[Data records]
'''

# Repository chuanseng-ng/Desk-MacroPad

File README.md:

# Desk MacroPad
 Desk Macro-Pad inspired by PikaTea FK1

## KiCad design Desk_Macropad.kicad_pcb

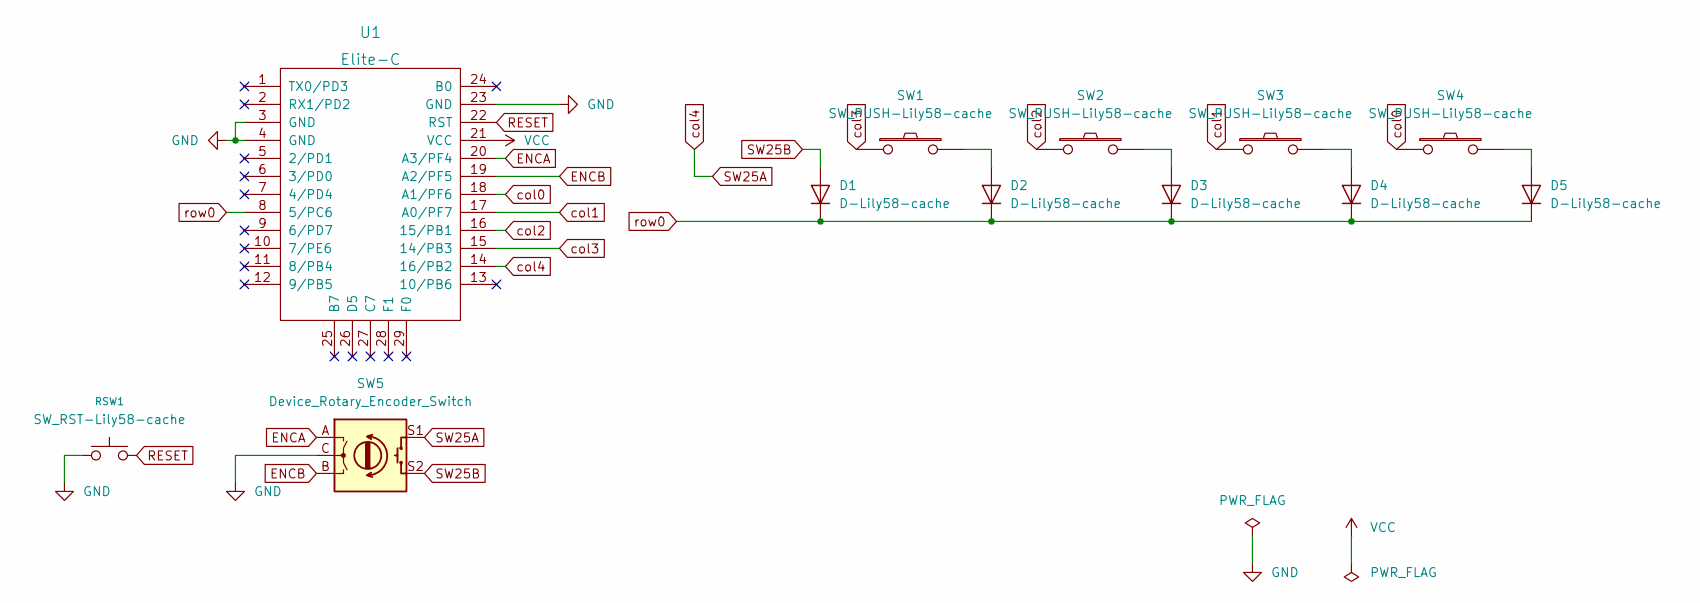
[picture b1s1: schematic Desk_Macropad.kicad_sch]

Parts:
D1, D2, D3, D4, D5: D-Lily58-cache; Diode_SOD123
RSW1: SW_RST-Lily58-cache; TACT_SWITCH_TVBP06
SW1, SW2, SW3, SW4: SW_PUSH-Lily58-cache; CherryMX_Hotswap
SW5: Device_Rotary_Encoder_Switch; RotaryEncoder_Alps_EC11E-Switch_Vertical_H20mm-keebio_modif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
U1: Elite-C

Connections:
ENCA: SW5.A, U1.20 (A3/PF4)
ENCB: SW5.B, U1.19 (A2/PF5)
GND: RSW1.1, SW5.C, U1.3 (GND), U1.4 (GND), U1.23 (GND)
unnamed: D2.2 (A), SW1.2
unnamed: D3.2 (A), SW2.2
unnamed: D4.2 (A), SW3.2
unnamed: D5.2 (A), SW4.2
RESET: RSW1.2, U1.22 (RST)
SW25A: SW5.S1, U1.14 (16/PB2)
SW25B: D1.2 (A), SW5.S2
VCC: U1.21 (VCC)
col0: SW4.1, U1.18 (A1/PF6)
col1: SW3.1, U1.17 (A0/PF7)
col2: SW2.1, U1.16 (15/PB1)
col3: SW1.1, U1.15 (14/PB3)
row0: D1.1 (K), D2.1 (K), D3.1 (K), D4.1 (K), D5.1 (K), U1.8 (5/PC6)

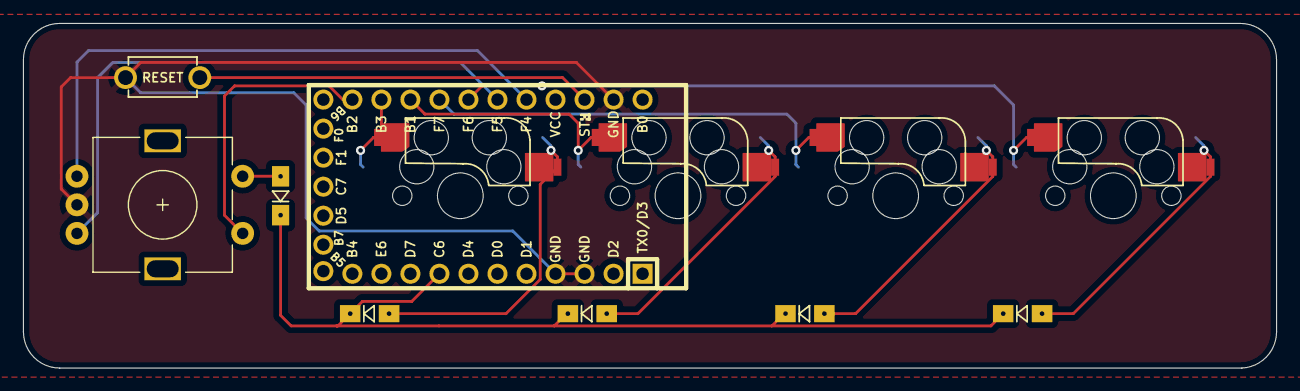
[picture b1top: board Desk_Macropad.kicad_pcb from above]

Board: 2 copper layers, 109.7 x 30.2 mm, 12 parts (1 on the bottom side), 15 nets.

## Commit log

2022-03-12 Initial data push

'''

▸ ABOUT THIS EXERCISE: The answer must be an exact reproduction of the records, with every picture left out.

▸ SOLUTION:
# Repository chuanseng-ng/Desk-MacroPad

File README.md:

# Desk MacroPad
 Desk Macro-Pad inspired by PikaTea FK1

## KiCad design Desk_Macropad.kicad_pcb

[picture b1s1: schematic Desk_Macropad.kicad_sch]

Parts:
D1, D2, D3, D4, D5: D-Lily58-cache; Diode_SOD123
RSW1: SW_RST-Lily58-cache; TACT_SWITCH_TVBP06
SW1, SW2, SW3, SW4: SW_PUSH-Lily58-cache; CherryMX_Hotswap
SW5: Device_Rotary_Encoder_Switch; RotaryEncoder_Alps_EC11E-Switch_Vertical_H20mm-keebio_modif
U1: Elite-C

Connections:
ENCA: SW5.A, U1.20 (A3/PF4)
ENCB: SW5.B, U1.19 (A2/PF5)
GND: RSW1.1, SW5.C, U1.3 (GND), U1.4 (GND), U1.23 (GND)
unnamed: D2.2 (A), SW1.2
unnamed: D3.2 (A), SW2.2
unnamed: D4.2 (A), SW3.2
unnamed: D5.2 (A), SW4.2
RESET: RSW1.2, U1.22 (RST)
SW25A: SW5.S1, U1.14 (16/PB2)
SW25B: D1.2 (A), SW5.S2
VCC: U1.21 (VCC)
col0: SW4.1, U1.18 (A1/PF6)
col1: SW3.1, U1.17 (A0/PF7)
col2: SW2.1, U1.16 (15/PB1)
col3: SW1.1, U1.15 (14/PB3)
row0: D1.1 (K), D2.1 (K), D3.1 (K), D4.1 (K), D5.1 (K), U1.8 (5/PC6)

[picture b1top: board Desk_Macropad.kicad_pcb from above]

Board: 2 copper layers, 109.7 x 30.2 mm, 12 parts (1 on the bottom side), 15 nets.

## Commit log

2022-03-12 Initial data push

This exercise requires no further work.